O SINAPI, que se define basicamente como uma tabela padrão referencial de custos de obras públicas, sob o amparo da LDO, seguirá contrariando essa definição e ditando o limite de custos de serviços de construção?
Uma composição de custos padrão referencial pode representar todas as tipologias, todos os projetos e contratos, todas as condições de execução, caracterizando a obra e todas as contingências a que estará submetida?
Nesse sentido, o SINAPI original, com fontes desconhecidas, fatores de desempenho desatualizados, sem o fundamento de premissas técnicas e de normas técnicas, "engessava" o mercado. O novo SINAPI, por sua inegável qualidade, mas com câmbio de personalidade e vício de uso, vai conduzir o mercado a uma "mordaça e camisa-de-força"?
Essa temática de tal ordem estratégica não deveria pertencer às atribuições de uma agência de controle de custos? Não poderia ser presidida pela CEF, com enfoque eminentemente técnico, muito além de bases exclusivamente financeiras e jurídicas, com participações representativas do mercado, da Universidade, dos Institutos de Pesquisa e destacadamente dos agentes de obras públicas?

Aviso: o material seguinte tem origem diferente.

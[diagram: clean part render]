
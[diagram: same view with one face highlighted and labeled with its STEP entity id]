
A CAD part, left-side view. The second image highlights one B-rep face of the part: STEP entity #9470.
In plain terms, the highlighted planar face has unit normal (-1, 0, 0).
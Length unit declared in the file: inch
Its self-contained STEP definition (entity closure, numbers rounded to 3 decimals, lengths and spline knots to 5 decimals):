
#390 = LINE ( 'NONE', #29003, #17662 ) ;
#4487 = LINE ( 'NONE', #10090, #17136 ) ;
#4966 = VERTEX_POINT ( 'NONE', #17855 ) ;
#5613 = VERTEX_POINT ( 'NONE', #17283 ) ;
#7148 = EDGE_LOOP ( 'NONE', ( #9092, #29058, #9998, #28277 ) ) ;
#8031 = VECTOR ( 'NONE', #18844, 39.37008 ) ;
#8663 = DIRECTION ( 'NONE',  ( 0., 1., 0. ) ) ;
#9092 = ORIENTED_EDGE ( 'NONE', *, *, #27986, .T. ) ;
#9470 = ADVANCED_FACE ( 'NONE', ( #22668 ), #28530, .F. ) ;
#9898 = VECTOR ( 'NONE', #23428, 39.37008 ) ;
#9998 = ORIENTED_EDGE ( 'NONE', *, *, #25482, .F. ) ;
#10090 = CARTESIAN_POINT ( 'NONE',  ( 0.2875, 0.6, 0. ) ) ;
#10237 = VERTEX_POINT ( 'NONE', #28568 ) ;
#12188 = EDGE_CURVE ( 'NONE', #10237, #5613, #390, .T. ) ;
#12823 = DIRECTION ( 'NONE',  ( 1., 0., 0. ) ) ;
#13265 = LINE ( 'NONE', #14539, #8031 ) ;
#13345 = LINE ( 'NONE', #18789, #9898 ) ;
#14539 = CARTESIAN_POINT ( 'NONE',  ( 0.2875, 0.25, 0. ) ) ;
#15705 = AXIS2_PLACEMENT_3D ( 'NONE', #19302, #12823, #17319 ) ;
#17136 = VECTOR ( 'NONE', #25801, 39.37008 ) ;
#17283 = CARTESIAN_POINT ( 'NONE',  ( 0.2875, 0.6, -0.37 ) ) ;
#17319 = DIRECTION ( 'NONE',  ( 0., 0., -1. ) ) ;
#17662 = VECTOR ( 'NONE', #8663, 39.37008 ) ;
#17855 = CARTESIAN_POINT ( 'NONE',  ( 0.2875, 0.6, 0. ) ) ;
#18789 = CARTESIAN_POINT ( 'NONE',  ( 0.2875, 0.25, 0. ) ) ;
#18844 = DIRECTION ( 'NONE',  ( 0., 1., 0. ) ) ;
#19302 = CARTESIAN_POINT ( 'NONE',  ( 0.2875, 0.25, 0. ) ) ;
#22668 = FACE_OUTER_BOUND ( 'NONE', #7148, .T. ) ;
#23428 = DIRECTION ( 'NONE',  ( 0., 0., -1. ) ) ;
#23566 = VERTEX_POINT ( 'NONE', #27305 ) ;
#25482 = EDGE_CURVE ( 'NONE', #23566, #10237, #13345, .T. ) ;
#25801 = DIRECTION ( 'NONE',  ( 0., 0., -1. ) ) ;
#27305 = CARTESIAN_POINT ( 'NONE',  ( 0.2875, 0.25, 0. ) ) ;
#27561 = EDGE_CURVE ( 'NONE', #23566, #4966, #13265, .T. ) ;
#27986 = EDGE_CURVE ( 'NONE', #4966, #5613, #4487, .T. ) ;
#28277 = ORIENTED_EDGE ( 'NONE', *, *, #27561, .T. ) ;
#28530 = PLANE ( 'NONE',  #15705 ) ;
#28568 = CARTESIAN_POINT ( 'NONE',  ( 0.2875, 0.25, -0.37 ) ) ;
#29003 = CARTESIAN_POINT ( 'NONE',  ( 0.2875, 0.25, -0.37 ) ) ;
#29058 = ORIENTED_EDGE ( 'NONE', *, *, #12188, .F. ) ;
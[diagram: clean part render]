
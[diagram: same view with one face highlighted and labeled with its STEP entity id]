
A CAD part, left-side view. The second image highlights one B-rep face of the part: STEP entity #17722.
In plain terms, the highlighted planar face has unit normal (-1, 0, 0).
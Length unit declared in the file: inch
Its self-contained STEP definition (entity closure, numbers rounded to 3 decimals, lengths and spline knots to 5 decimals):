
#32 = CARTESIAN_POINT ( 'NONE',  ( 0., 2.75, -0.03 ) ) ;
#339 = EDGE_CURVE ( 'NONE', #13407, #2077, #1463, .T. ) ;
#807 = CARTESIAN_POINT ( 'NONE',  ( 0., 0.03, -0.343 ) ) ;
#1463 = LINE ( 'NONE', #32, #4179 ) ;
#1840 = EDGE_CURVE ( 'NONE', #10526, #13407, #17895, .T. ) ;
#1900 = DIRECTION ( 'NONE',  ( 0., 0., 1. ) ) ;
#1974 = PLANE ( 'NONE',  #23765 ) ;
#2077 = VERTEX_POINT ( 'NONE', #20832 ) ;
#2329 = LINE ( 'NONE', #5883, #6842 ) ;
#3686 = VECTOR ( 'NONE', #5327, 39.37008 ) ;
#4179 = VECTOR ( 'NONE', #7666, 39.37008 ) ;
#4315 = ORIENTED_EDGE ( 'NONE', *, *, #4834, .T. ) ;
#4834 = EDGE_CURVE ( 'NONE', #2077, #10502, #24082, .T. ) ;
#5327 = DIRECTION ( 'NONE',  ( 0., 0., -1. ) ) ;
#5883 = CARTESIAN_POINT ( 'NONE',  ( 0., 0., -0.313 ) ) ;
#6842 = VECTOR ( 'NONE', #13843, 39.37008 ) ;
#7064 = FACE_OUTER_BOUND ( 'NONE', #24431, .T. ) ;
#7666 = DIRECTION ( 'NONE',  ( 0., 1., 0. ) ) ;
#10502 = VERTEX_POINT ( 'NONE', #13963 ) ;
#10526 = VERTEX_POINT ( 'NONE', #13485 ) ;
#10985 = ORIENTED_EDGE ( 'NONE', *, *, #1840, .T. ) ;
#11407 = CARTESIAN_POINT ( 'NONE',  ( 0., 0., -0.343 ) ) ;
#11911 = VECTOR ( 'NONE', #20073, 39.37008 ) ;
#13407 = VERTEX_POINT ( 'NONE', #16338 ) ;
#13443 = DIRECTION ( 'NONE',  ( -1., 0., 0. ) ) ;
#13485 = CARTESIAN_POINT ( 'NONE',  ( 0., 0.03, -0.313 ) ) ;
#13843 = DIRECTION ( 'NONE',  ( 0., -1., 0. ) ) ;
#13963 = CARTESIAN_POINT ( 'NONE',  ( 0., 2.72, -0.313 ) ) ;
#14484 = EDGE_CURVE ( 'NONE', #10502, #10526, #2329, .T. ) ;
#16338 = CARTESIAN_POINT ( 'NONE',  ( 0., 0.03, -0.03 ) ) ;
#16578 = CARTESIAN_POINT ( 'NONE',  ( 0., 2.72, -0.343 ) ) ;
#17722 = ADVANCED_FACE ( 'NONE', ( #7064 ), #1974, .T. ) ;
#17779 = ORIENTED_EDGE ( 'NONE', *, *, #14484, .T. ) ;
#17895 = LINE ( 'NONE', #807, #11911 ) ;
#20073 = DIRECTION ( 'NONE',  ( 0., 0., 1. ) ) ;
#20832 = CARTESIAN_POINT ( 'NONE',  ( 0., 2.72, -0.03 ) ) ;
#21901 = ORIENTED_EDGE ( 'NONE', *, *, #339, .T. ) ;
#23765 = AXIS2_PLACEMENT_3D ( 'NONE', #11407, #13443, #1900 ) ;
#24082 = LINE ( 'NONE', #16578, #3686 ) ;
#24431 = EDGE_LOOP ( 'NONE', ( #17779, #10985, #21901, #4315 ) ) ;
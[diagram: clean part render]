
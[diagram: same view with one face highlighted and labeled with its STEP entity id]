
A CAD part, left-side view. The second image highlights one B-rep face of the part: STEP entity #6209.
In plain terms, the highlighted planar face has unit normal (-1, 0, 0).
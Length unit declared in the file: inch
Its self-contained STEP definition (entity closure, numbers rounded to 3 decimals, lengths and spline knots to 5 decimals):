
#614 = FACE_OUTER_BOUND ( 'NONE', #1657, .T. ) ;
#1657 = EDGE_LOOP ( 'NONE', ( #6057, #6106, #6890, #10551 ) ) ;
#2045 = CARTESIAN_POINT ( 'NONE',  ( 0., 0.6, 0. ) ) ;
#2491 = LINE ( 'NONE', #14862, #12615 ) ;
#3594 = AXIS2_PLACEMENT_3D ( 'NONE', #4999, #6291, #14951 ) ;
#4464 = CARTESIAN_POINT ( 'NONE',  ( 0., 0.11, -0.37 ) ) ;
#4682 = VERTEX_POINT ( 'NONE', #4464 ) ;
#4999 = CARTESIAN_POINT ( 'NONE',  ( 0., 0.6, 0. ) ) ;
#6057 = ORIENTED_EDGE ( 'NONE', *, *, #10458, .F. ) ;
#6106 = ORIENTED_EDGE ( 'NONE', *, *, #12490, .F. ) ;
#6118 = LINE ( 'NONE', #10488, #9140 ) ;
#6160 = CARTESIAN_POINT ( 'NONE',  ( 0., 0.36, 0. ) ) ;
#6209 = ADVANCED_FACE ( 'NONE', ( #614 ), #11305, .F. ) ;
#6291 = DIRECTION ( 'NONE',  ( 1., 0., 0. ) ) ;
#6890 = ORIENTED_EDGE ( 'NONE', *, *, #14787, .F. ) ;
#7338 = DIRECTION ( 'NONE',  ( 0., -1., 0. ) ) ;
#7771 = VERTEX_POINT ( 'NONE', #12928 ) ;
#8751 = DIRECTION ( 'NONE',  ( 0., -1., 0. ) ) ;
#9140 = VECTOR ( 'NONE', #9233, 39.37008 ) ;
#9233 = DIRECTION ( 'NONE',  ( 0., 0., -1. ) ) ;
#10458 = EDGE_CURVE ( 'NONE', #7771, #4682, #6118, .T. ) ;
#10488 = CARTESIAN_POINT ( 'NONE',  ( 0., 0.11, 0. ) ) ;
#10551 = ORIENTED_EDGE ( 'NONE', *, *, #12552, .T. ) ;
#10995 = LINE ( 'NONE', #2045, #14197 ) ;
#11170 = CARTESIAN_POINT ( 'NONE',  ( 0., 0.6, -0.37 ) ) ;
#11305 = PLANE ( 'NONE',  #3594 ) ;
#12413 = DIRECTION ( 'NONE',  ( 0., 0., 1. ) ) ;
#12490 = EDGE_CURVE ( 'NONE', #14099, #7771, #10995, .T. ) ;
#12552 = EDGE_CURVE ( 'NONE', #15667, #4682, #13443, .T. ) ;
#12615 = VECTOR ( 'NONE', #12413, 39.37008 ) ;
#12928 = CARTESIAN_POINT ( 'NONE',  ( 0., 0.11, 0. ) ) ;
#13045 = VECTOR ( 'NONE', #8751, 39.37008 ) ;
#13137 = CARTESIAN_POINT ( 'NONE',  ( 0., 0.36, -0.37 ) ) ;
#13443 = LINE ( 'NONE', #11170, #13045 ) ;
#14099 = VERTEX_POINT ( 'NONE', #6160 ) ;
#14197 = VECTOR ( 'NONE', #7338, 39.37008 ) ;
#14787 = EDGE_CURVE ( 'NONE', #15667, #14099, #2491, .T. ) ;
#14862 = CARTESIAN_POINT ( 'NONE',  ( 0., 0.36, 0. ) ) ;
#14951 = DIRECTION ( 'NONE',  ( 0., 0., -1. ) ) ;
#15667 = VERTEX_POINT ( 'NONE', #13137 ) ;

E a imprensa populacional leiga continuará publicando, de modo sensacionalista e infundado, que tudo o que difere das tabelas de custos padrão referencial é superfaturamento?
Defendemos aqui o resgate da Engenharia, que se traduz em qualidade das obras, transparência dos processos e demonstrações técnicas incontestáveis, para o tratamento dessas questões, em oposição ao tratamento exclusivamente jurídico, ao planejamento adaptativo do Estado e ao oportunismo, em busca de conforto momentâneo, do mercado que se contenta com emendas na legislação e excepcionalidades mitológicas de um RDC.
Apresentamos a metodologia de demonstrativos de formação do preço por modelagem (DFPM), que parte de composições de custos padrão estruturadas, caracterizando-as ao projeto específico, ao contrato e às condições locais de execução e considerando o impacto de contingências nos fatores de desempenho.
Metodologia de ajustes de Engenharia
A metodologia de ajustes de Engenharia, que se propõe, é a partir de fatores de desempenho médio observados, nas composições padrão de origem, visando à caracterização pelas especificidades previstas no projeto e à avaliação e determinação do impacto das contingências presumíveis a que a execução da obra poderá estar submetida. Assim se obtém uma faixa de valores que apontam admissibilidades, inexequibilidades e exorbitâncias de preços, de modo racional e particularizado. Seguem-se as etapas de procedimentos, considerações, implicações e recomendações, para aplicação dessa metodologia.
Etapa de testes das pré-condições
Estruturação
As composições de custos são estruturadas pelo descritivo da especificação, pela discriminação dos requisitos, dos fatores de desempenho e das premissas técnicas. O teste que se impõe, para a etapa de ajustes, é verificar se a estruturação atende às necessidades do projeto específico.
Revisão
As composições de custos deverão ser revisadas periodicamente, ou seja, adequadas e tratadas estatisticamente a novos levantamentos ou apropriações de campo, a inovações tecnológicas e enquadramento a normas técnicas e regulamentos. O teste que se impõe é de confirmação dos requisitos apontados.
Atualização
A etapa de atualização das composições de custos é resultado de pesquisas de mercado dos recursos técnicos da obra ou dos preços dos insumos, resultando consequentemente na atualização dos custos unitários das composições. O teste que se impõe é de confirmação dos requisitos de atualização.
Etapa de Caracterização
A etapa de Caracterização traz para a realidade e identidade de cada obra, as referências padronizadas. Consiste em adequar as composições padrão de origem às particularidades previstas nos projetos, nas condições locais de execução e nas exigências contratuais. Essas adequações de dimensionamento e parametrização refletem-se nas especificações, nos requisitos, nos fatores de desempenho e nas premissas técnicas das composições, portanto no custo dos serviços. A Composição Caracterizada é o fundamento de todo o processo de modelagem da formação do preço.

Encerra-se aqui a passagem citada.